- The Washington Times - Tuesday, January 9, 2001

RICHMOND S. Vance Wilkins Jr. surprised members of both parties in his first year as speaker of the Virginia House of Delegates last session with his shrewd maneuvering to push his agenda and his evenhandedness.
Whether he can carry that through this year is still anybody's guess.
"I would hope we can have a good session and do things that are good for the commonwealth, but this is an election year and a redistricting year two of the most highly charged events you can have. So that may be all, I don't know. But I think most of the guys will try to get things done," he said.
A tall, spare man with a low, rasping voice, Mr. Wilkins hails from Amherst County, just southeast of Lexington. He cut a very different picture on the speaker's dais than his predecessor, Delegate Thomas W. Moss Jr., Norfolk Democrat.
This is a man who quotes Sun Tzu's "The Art of War" when talking about political organizing, and who sold his family construction business so he could devote more time to recruiting candidates.
Mr. Wilkins says he may not out-think his opponents, but he out-works them. For instance, instead of power lunches, he eats spaghetti from a can at his desk so he can read his e-mail.
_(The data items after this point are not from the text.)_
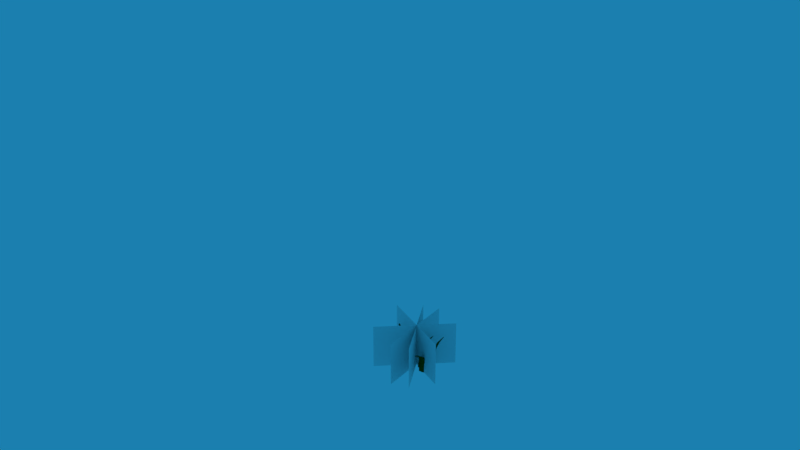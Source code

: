 # Source: Grass.blend  (saved by Blender 2.79.0; exported with 4.5.12 LTS)
import bpy
from mathutils import Matrix  # noqa: F401  (used for matrix-valued properties, if any)

bpy.ops.wm.read_factory_settings(use_empty=True)
scene = bpy.context.scene
scene.name = 'Scene'

# ---- collections
col_collection_1 = bpy.data.collections.new('Collection 1'); scene.collection.children.link(col_collection_1)

# ---- materials (node trees are filled in below, after node groups)
mat_grass = bpy.data.materials.new('Grass')
mat_grass.alpha_threshold = 0.0
mat_grass.use_transparent_shadow = False
mat_grass.diffuse_color = (0.004994, 0.07324, 0.007203, 1.0)
mat_grass.roughness = 0.5
mat_grass.specular_intensity = 0.25

# ---- material node trees

# ---- world
world_world = bpy.data.worlds.new('World'); scene.world = world_world
world_world.color = (0.01076, 0.2136, 0.4292)
world_world.use_sun_shadow = False
world_world.sun_shadow_jitter_overblur = 0.0
world_world.cycles.sampling_method = 'MANUAL'

# ---- meshes
me_plane_007 = bpy.data.meshes.new('Plane.007')
me_plane_007.from_pydata([(-0.3568, 0.0, -1.56e-08), (0.3568, 0.0, -1.56e-08), (-0.3568, 0.7136, -1.56e-08), (0.3568, 0.7136, -1.56e-08), (-0.1474, 2.441e-08, 0.5594), (0.1282, -2.673e-08, -0.6105), (-0.1474, 0.7136, 0.5594), (0.1282, 0.7136, -0.6105), (0.1374, 2.373e-08, 0.5421), (-0.1825, -2.583e-08, -0.5916), (0.1374, 0.7136, 0.5421), (-0.1825, 0.7136, -0.5916), (0.2537, 1.621e-08, 0.3724), (-0.3095, -1.784e-08, -0.4065), (0.2537, 0.7136, 0.3724), (-0.3095, 0.7136, -0.4065)], [], [(0, 1, 3, 2), (4, 5, 7, 6), (8, 9, 11, 10), (12, 13, 15, 14)])
_uv = me_plane_007.uv_layers.new(name='UVMap')
_uv.uv.foreach_set('vector', [9.998e-05, 0.0001002, 0.9999, 9.998e-05, 0.9999, 0.9888, 0.0001003, 0.9888, 9.998e-05, 0.0001002, 0.9999, 9.998e-05, 0.9999, 0.9888, 0.0001003, 0.9888, 9.998e-05, 0.0001002, 0.9999, 9.998e-05, 0.9999, 0.9888, 0.0001003, 0.9888, 9.998e-05, 0.0001002, 0.9999, 9.998e-05, 0.9999, 0.9888, 0.0001003, 0.9888])
me_plane_007.use_remesh_preserve_volume = False
me_plane_007.use_remesh_preserve_attributes = False
me_plane_007.use_mirror_vertex_groups = False
me_plane_007.update()
me_plane = bpy.data.meshes.new('Plane')
me_plane.from_pydata([(0.7295, -0.5756, -0.004118), (1.341, -0.4416, -0.004118), (0.6926, -0.4068, -0.004118), (1.304, -0.2729, -0.004118), (1.013, -0.4078, -0.004118), (1.05, -0.5765, -0.004118), (0.7745, -0.6195, 0.8745), (1.318, -0.5003, 0.8745), (0.7421, -0.4715, 0.8998), (1.286, -0.3523, 0.8998), (1.027, -0.4715, 0.8896), (1.059, -0.6195, 0.8643), (0.8806, -0.8141, 1.466), (1.31, -0.72, 1.466), (0.8613, -0.7263, 1.547), (1.291, -0.6322, 1.547), (1.084, -0.7147, 1.514), (1.103, -0.8039, 1.431), (1.037, -1.215, 1.824), (1.306, -1.156, 1.824), (1.027, -1.171, 1.885), (1.297, -1.112, 1.885), (1.166, -1.159, 1.861), (1.175, -1.203, 1.799), (1.22, -1.711, 2.151), (1.31, -1.691, 2.151), (1.218, -1.703, 2.175), (1.308, -1.683, 2.175), (1.264, -1.696, 2.165), (1.266, -1.704, 2.141), (1.673, -0.2091, -0.008333), (1.704, 0.2178, 0.00832), (1.487, -0.2143, -0.008321), (1.517, 0.2126, 0.008333), (1.577, 0.001228, 1.18e-06), (1.764, 0.006434, -1.141e-05), (1.733, -0.1608, 1.151), (1.76, 0.2189, 1.166), (1.57, -0.1647, 1.185), (1.596, 0.215, 1.2), (1.649, 0.02671, 1.179), (1.813, 0.03061, 1.145), (1.854, -0.09786, 2.146), (1.875, 0.202, 2.157), (1.746, -0.09905, 2.237), (1.767, 0.2008, 2.248), (1.8, 0.05137, 2.206), (1.908, 0.05256, 2.115), (2.224, -0.01561, 2.957), (2.237, 0.1725, 2.965), (2.167, -0.01574, 3.03), (2.181, 0.1723, 3.037), (2.197, 0.07834, 3.004), (2.253, 0.07847, 2.932), (2.683, 0.07313, 3.639), (2.688, 0.1361, 3.641), (2.671, 0.07339, 3.669), (2.676, 0.1364, 3.672), (2.678, 0.1048, 3.658), (2.691, 0.1045, 3.628), (-0.2709, -0.5606, -0.004118), (-0.02199, -0.2925, -0.004118), (-0.3449, -0.4919, -0.004118), (-0.09602, -0.2237, -0.004118), (-0.1907, -0.3855, -0.004118), (-0.1166, -0.4542, -0.004118), (-0.2346, -0.5667, 0.5097), (-0.01319, -0.3282, 0.5097), (-0.2996, -0.5064, 0.5245), (-0.07815, -0.2679, 0.5245), (-0.1627, -0.4114, 0.5185), (-0.09776, -0.4717, 0.5037), (-0.1653, -0.5844, 0.9498), (0.009552, -0.396, 0.9498), (-0.2081, -0.5447, 0.9902), (-0.03321, -0.3563, 0.9902), (-0.1034, -0.4665, 0.9739), (-0.06067, -0.5062, 0.9335), (0.01211, -0.6837, 1.309), (0.1218, -0.5655, 1.309), (-0.01039, -0.6628, 1.341), (0.09927, -0.5446, 1.341), (0.05349, -0.6121, 1.328), (0.07599, -0.633, 1.296), (0.2287, -0.8116, 1.61), (0.2654, -0.772, 1.61), (0.2239, -0.8071, 1.623), (0.2606, -0.7675, 1.623), (0.2442, -0.7891, 1.618), (0.249, -0.7936, 1.605), (-0.8157, -0.01133, -0.004118), (-0.5683, -0.3768, -0.004118), (-0.7148, 0.05695, -0.004118), (-0.4675, -0.3085, -0.004118), (-0.6317, -0.1533, -0.004118), (-0.7326, -0.2215, -0.004118), (-0.8327, -0.05228, 0.6156), (-0.6127, -0.3774, 0.6156), (-0.7442, 0.007627, 0.6334), (-0.5242, -0.3175, 0.6334), (-0.6698, -0.1791, 0.6262), (-0.7584, -0.239, 0.6084), (-0.8723, -0.1289, 1.146), (-0.6986, -0.3857, 1.146), (-0.8141, -0.08949, 1.195), (-0.6403, -0.3462, 1.195), (-0.7506, -0.2337, 1.176), (-0.8089, -0.2732, 1.127), (-1.037, -0.3104, 1.579), (-0.9283, -0.4714, 1.579), (-1.007, -0.2896, 1.618), (-0.8977, -0.4506, 1.618), (-0.9645, -0.3785, 1.603), (-0.9952, -0.3992, 1.564), (-1.247, -0.53, 1.943), (-1.21, -0.584, 1.943), (-1.24, -0.5256, 1.959), (-1.203, -0.5795, 1.959), (-1.224, -0.5543, 1.952), (-1.231, -0.5588, 1.936), (-0.06457, 0.5189, -0.004118), (-0.4303, 0.5319, -0.004118), (-0.06815, 0.4179, -0.004118), (-0.4339, 0.4309, -0.004118), (-0.2496, 0.465, -0.004118), (-0.246, 0.566, -0.004118), (-0.08366, 0.5503, 0.5098), (-0.409, 0.5619, 0.5098), (-0.08681, 0.4617, 0.5246), (-0.4122, 0.4733, 0.5246), (-0.2482, 0.5032, 0.5186), (-0.2451, 0.5918, 0.5038), (-0.1156, 0.6143, 0.95), (-0.3726, 0.6235, 0.95), (-0.1177, 0.556, 0.9904), (-0.3747, 0.5651, 0.9904), (-0.2454, 0.584, 0.9742), (-0.2433, 0.6424, 0.9338), (-0.1565, 0.8135, 1.309), (-0.3177, 0.8193, 1.309), (-0.1576, 0.7829, 1.341), (-0.3188, 0.7886, 1.341), (-0.2378, 0.7981, 1.328), (-0.2367, 0.8288, 1.296), (-0.2014, 1.061, 1.61), (-0.2554, 1.063, 1.61), (-0.2016, 1.055, 1.624), (-0.2556, 1.056, 1.624), (-0.2285, 1.058, 1.618), (-0.2283, 1.065, 1.605), (0.5244, -0.1693, -0.004118), (0.266, 0.4453, -0.004118), (0.3547, -0.2406, -0.004118), (0.0963, 0.3739, -0.004118), (0.2938, 0.09536, -0.004118), (0.4635, 0.1667, -0.004118), (0.5618, -0.1137, 0.9321), (0.3319, 0.4331, 0.9321), (0.4129, -0.1763, 0.9591), (0.183, 0.3705, 0.9591), (0.3579, 0.1223, 0.9482), (0.5067, 0.1849, 0.9213), (0.6431, -0.01181, 1.734), (0.4615, 0.4199, 1.734), (0.5451, -0.05301, 1.808), (0.3635, 0.3787, 1.808), (0.4938, 0.1794, 1.778), (0.5918, 0.2207, 1.704), (0.9411, 0.2082, 2.388), (0.8273, 0.479, 2.388), (0.8896, 0.1866, 2.447), (0.7757, 0.4573, 2.447), (0.8534, 0.3307, 2.423), (0.905, 0.3524, 2.365), (1.316, 0.4718, 2.937), (1.278, 0.5626, 2.937), (1.305, 0.4672, 2.961), (1.267, 0.5579, 2.961), (1.29, 0.5144, 2.952), (1.301, 0.5191, 2.927), (-1.066, 0.392, -0.004118), (-1.379, -0.1967, -0.004118), (-0.9031, 0.3055, -0.004118), (-1.217, -0.2833, -0.004118), (-1.125, 0.04592, -0.004118), (-1.288, 0.1325, -0.004118), (-1.132, 0.3858, 0.9325), (-1.411, -0.1379, 0.9325), (-0.9898, 0.3099, 0.9595), (-1.269, -0.2138, 0.9595), (-1.187, 0.0786, 0.9486), (-1.329, 0.1545, 0.9216), (-1.336, 0.4179, 1.618), (-1.556, 0.004464, 1.594), (-1.252, 0.3681, 1.7), (-1.471, -0.04536, 1.676), (-1.395, 0.1813, 1.655), (-1.48, 0.232, 1.572), (-1.792, 0.5328, 2.195), (-1.928, 0.2735, 2.17), (-1.754, 0.5066, 2.261), (-1.89, 0.2473, 2.237), (-1.837, 0.3875, 2.222), (-1.876, 0.4139, 2.156), (-2.342, 0.6644, 2.634), (-2.388, 0.5774, 2.625), (-2.337, 0.6587, 2.66), (-2.382, 0.5718, 2.651), (-2.362, 0.6175, 2.645), (-2.367, 0.6232, 2.619), (-0.2039, 0.3191, -0.004118), (-0.7251, -0.09607, -0.004118), (-0.08951, 0.1747, -0.004118), (-0.6107, -0.2404, -0.004118), (-0.3961, 0.02525, -0.004118), (-0.5105, 0.1696, -0.004118), (-0.2675, 0.3401, 0.9321), (-0.7311, -0.02922, 0.9321), (-0.1671, 0.2134, 0.9591), (-0.6307, -0.1559, 0.9591), (-0.4393, 0.07976, 0.9482), (-0.5397, 0.2064, 0.9213), (-0.3874, 0.391, 1.734), (-0.7535, 0.09936, 1.734), (-0.3213, 0.3076, 1.808), (-0.6874, 0.016, 1.808), (-0.531, 0.1954, 1.778), (-0.597, 0.2787, 1.704), (-0.6794, 0.619, 2.388), (-0.909, 0.4361, 2.388), (-0.6447, 0.5751, 2.447), (-0.8743, 0.3922, 2.447), (-0.7734, 0.5013, 2.423), (-0.8082, 0.5452, 2.365), (-1.034, 0.9094, 2.937), (-1.111, 0.8481, 2.937), (-1.027, 0.9, 2.961), (-1.104, 0.8387, 2.961), (-1.068, 0.8731, 2.952), (-1.076, 0.8825, 2.927)], [], [(0, 2, 4, 5), (4, 3, 1, 5), (7, 9, 15, 13), (9, 10, 16, 15), (1, 3, 9, 7), (2, 0, 6, 8), (0, 5, 11, 6), (4, 2, 8, 10), (5, 1, 7, 11), (3, 4, 10, 9), (13, 15, 21, 19), (15, 16, 22, 21), (8, 6, 12, 14), (6, 11, 17, 12), (10, 8, 14, 16), (11, 7, 13, 17), (23, 19, 25, 29), (22, 20, 26, 28), (14, 12, 18, 20), (12, 17, 23, 18), (16, 14, 20, 22), (17, 13, 19, 23), (24, 29, 28, 26), (28, 29, 25, 27), (21, 22, 28, 27), (19, 21, 27, 25), (20, 18, 24, 26), (18, 23, 29, 24), (30, 32, 34, 35), (34, 33, 31, 35), (37, 39, 45, 43), (39, 40, 46, 45), (31, 33, 39, 37), (32, 30, 36, 38), (30, 35, 41, 36), (34, 32, 38, 40), (35, 31, 37, 41), (33, 34, 40, 39), (43, 45, 51, 49), (45, 46, 52, 51), (38, 36, 42, 44), (36, 41, 47, 42), (40, 38, 44, 46), (41, 37, 43, 47), (53, 49, 55, 59), (52, 50, 56, 58), (44, 42, 48, 50), (42, 47, 53, 48), (46, 44, 50, 52), (47, 43, 49, 53), (54, 59, 58, 56), (58, 59, 55, 57), (51, 52, 58, 57), (49, 51, 57, 55), (50, 48, 54, 56), (48, 53, 59, 54), (60, 62, 64, 65), (64, 63, 61, 65), (67, 69, 75, 73), (69, 70, 76, 75), (61, 63, 69, 67), (62, 60, 66, 68), (60, 65, 71, 66), (64, 62, 68, 70), (65, 61, 67, 71), (63, 64, 70, 69), (73, 75, 81, 79), (75, 76, 82, 81), (68, 66, 72, 74), (66, 71, 77, 72), (70, 68, 74, 76), (71, 67, 73, 77), (83, 79, 85, 89), (82, 80, 86, 88), (74, 72, 78, 80), (72, 77, 83, 78), (76, 74, 80, 82), (77, 73, 79, 83), (84, 89, 88, 86), (88, 89, 85, 87), (81, 82, 88, 87), (79, 81, 87, 85), (80, 78, 84, 86), (78, 83, 89, 84), (90, 92, 94, 95), (94, 93, 91, 95), (97, 99, 105, 103), (99, 100, 106, 105), (91, 93, 99, 97), (92, 90, 96, 98), (90, 95, 101, 96), (94, 92, 98, 100), (95, 91, 97, 101), (93, 94, 100, 99), (103, 105, 111, 109), (105, 106, 112, 111), (98, 96, 102, 104), (96, 101, 107, 102), (100, 98, 104, 106), (101, 97, 103, 107), (113, 109, 115, 119), (112, 110, 116, 118), (104, 102, 108, 110), (102, 107, 113, 108), (106, 104, 110, 112), (107, 103, 109, 113), (114, 119, 118, 116), (118, 119, 115, 117), (111, 112, 118, 117), (109, 111, 117, 115), (110, 108, 114, 116), (108, 113, 119, 114), (120, 122, 124, 125), (124, 123, 121, 125), (127, 129, 135, 133), (129, 130, 136, 135), (121, 123, 129, 127), (122, 120, 126, 128), (120, 125, 131, 126), (124, 122, 128, 130), (125, 121, 127, 131), (123, 124, 130, 129), (133, 135, 141, 139), (135, 136, 142, 141), (128, 126, 132, 134), (126, 131, 137, 132), (130, 128, 134, 136), (131, 127, 133, 137), (143, 139, 145, 149), (142, 140, 146, 148), (134, 132, 138, 140), (132, 137, 143, 138), (136, 134, 140, 142), (137, 133, 139, 143), (144, 149, 148, 146), (148, 149, 145, 147), (141, 142, 148, 147), (139, 141, 147, 145), (140, 138, 144, 146), (138, 143, 149, 144), (150, 152, 154, 155), (154, 153, 151, 155), (157, 159, 165, 163), (159, 160, 166, 165), (151, 153, 159, 157), (152, 150, 156, 158), (150, 155, 161, 156), (154, 152, 158, 160), (155, 151, 157, 161), (153, 154, 160, 159), (163, 165, 171, 169), (165, 166, 172, 171), (158, 156, 162, 164), (156, 161, 167, 162), (160, 158, 164, 166), (161, 157, 163, 167), (173, 169, 175, 179), (172, 170, 176, 178), (164, 162, 168, 170), (162, 167, 173, 168), (166, 164, 170, 172), (167, 163, 169, 173), (174, 179, 178, 176), (178, 179, 175, 177), (171, 172, 178, 177), (169, 171, 177, 175), (170, 168, 174, 176), (168, 173, 179, 174), (180, 182, 184, 185), (184, 183, 181, 185), (187, 189, 195, 193), (189, 190, 196, 195), (181, 183, 189, 187), (182, 180, 186, 188), (180, 185, 191, 186), (184, 182, 188, 190), (185, 181, 187, 191), (183, 184, 190, 189), (193, 195, 201, 199), (195, 196, 202, 201), (188, 186, 192, 194), (186, 191, 197, 192), (190, 188, 194, 196), (191, 187, 193, 197), (203, 199, 205, 209), (202, 200, 206, 208), (194, 192, 198, 200), (192, 197, 203, 198), (196, 194, 200, 202), (197, 193, 199, 203), (204, 209, 208, 206), (208, 209, 205, 207), (201, 202, 208, 207), (199, 201, 207, 205), (200, 198, 204, 206), (198, 203, 209, 204), (210, 212, 214, 215), (214, 213, 211, 215), (217, 219, 225, 223), (219, 220, 226, 225), (211, 213, 219, 217), (212, 210, 216, 218), (210, 215, 221, 216), (214, 212, 218, 220), (215, 211, 217, 221), (213, 214, 220, 219), (223, 225, 231, 229), (225, 226, 232, 231), (218, 216, 222, 224), (216, 221, 227, 222), (220, 218, 224, 226), (221, 217, 223, 227), (233, 229, 235, 239), (232, 230, 236, 238), (224, 222, 228, 230), (222, 227, 233, 228), (226, 224, 230, 232), (227, 223, 229, 233), (234, 239, 238, 236), (238, 239, 235, 237), (231, 232, 238, 237), (229, 231, 237, 235), (230, 228, 234, 236), (228, 233, 239, 234)])
me_plane.materials.append(mat_grass)
me_plane.use_remesh_preserve_volume = False
me_plane.use_remesh_preserve_attributes = False
me_plane.use_mirror_vertex_groups = False
me_plane.update()

# ---- objects
ob_plane_004 = bpy.data.objects.new('Plane.004', me_plane_007)
ob_plane = bpy.data.objects.new('Plane', me_plane)

# ---- transforms, parenting, visibility, modifiers, constraints
ob_plane_004.location = (0.1238, -0.02424, 0.001362)
ob_plane_004.rotation_euler = (1.571, 0.0, -3.543)
ob_plane_004.scale = (1.257, 0.7071, 0.7071)
ob_plane_004.lineart.crease_threshold = 0.0
ob_plane.location = (0.1418, -0.03189, -0.001466)
ob_plane.scale = (0.1334, 0.1332, 0.1359)
ob_plane.hide_viewport = True
ob_plane.lineart.crease_threshold = 0.0

# ---- collection membership
col_collection_1.objects.link(ob_plane_004)
col_collection_1.objects.link(ob_plane)

# ---- scene / render settings (as saved in the file)
scene.frame_start = 1; scene.frame_end = 250; scene.frame_set(1)
scene.render.engine = 'BLENDER_EEVEE_NEXT'
scene.render.image_settings.compression = 0
scene.render.dither_intensity = 0.0
scene.render.film_transparent = True
scene.cycles.use_denoising = False
scene.cycles.samples = 128
scene.cycles.sampling_pattern = 'TABULATED_SOBOL'
scene.cycles.use_adaptive_sampling = False
scene.cycles.use_light_tree = False
scene.cycles.blur_glossy = 0.0
scene.cycles.sample_clamp_indirect = 0.0
scene.view_settings.view_transform = 'Standard'
bpy.context.view_layer.update()

# ---- added for rendering (the .blend has no active camera): camera
cam_auto = bpy.data.cameras.new('AutoCamera')
cam_auto.lens = 50.0
cam_auto.sensor_width = 36.0
cam_auto.clip_end = 1000.0
ob_auto_camera = bpy.data.objects.new('AutoCamera', cam_auto)
scene.collection.objects.link(ob_auto_camera)
ob_auto_camera.location = (6.49675, -7.93737, 6.90793)
ob_auto_camera.rotation_euler = (1.09748, -7.21219e-08, 0.694738)
scene.camera = ob_auto_camera
bpy.context.view_layer.update()

Delegate David B. Albo, Fairfax Republican, remembered going through his first campaign with Mr. Wilkins looking over his shoulder and recalled Mr. Wilkins' standard pep talk: "Now Albo, you have a responsibility to the entire Republican Party to win your election. It's not just about you."
Mr. Wilkins' dogged recruitment effort over the last decade was a big part of Republicans' takeover of the House for the first time in November 1999.
To reward his efforts, fellow Republican delegates tapped Mr. Wilkins to be speaker. He immediately began studying floor procedure, holding mock sessions with other delegates to hone his skills to address legislative eventualities.
He translated that determination into success in the legislative process.
He had his legal adviser go through the filed bills last year and make a list of 50 that were just philosophically anathema to him.
"Only two got out of the House. The Senate killed one, and the governor, I think, vetoed the other." Mr. Wilkins said. "We got them all eventually. That's pretty good."
The issues that drive him are personal liberty and education he becomes very animated when talking about getting students to read at grade-level, and he is a strong supporter of the Standards of Learning (SOL) assessment tests.
Democrats predicted Mr. Wilkins would show himself to be heavily partisan and unable to understand, let alone address, the needs of urban and suburban districts.
But Mr. Wilkins surprised them.
On several occasions, he ruled against Republican delegates' requests, even where there was an arguably defensible position he could have taken to side with them.
"I do have to say that he ran the proceedings of the House very efficiently kept order, which is a very difficult part of the job, given you've got 100 personalities," said Delegate Robert H. Brink, Arlington Democrat.
Still, that wasn't always a plus.
The session finished a day earlier than scheduled for the first time in anyone's memory, but that left delegates with only a few hours to peruse the final versions of the budget and the transportation package the House and Senate conference committee put together.
"My sense is his overriding purpose was to close out the session early to show that the new regime could make the trains run on time," Mr. Brink said.
The speaker's most powerful tool may be members' committee assignments.
Last year he gave his predecessor, Mr. Moss, a plum spot on the House Appropriations Committee, but that meant another Democrat had to come off the committee. So Mr. Wilkins ousted Delegate Alan A. Diamonstein, Newport News Democrat, who was one of the perennial dealers on the committee.
But he left Mr. Diamonstein as co-chairman of the House General Laws committee. And though he kicked Minority Leader C. Richard Cranwell off the Courts of Justice Committee, he left Mr. Cranwell as co-chairman of the Finance Committee.
In his moves, Mr. Wilkins changed the philosophical bent of committees more to his liking.
The best example was the Militia and Police Committee, which handles gun-control bills. From the 1999 members he removed seven delegates, mostly from suburban and urban districts, who had supported gun restrictions. He replaced them with rural delegates who supported gun rights.
"I do have to say that he made full use of the powers of the speaker in appointing members to committees the most obvious example is Militia and Police," said Mr. Brink, one of those who was pulled off the committee.
But Mr. Wilkins defended the assignments.
"I would say certainly that it's stacked geographically, proportionally, different than it was. And if those people that represent different areas of the state happen to have a different philosophy, that's what we're supposed to do on these committees represent all areas of the state," he said.
As speaker, Mr. Wilkins also controls which committee gets which bill. He used that to make sure a bill about guns on school property was killed in the militia committee, and this year he assigned a bill to issue a Million Mom March license plate to the committee, rather than to the transportation committee.
"We've tried to put people on committees that will enable us to further the philosophy of government that we would like to bring, if we can," he said.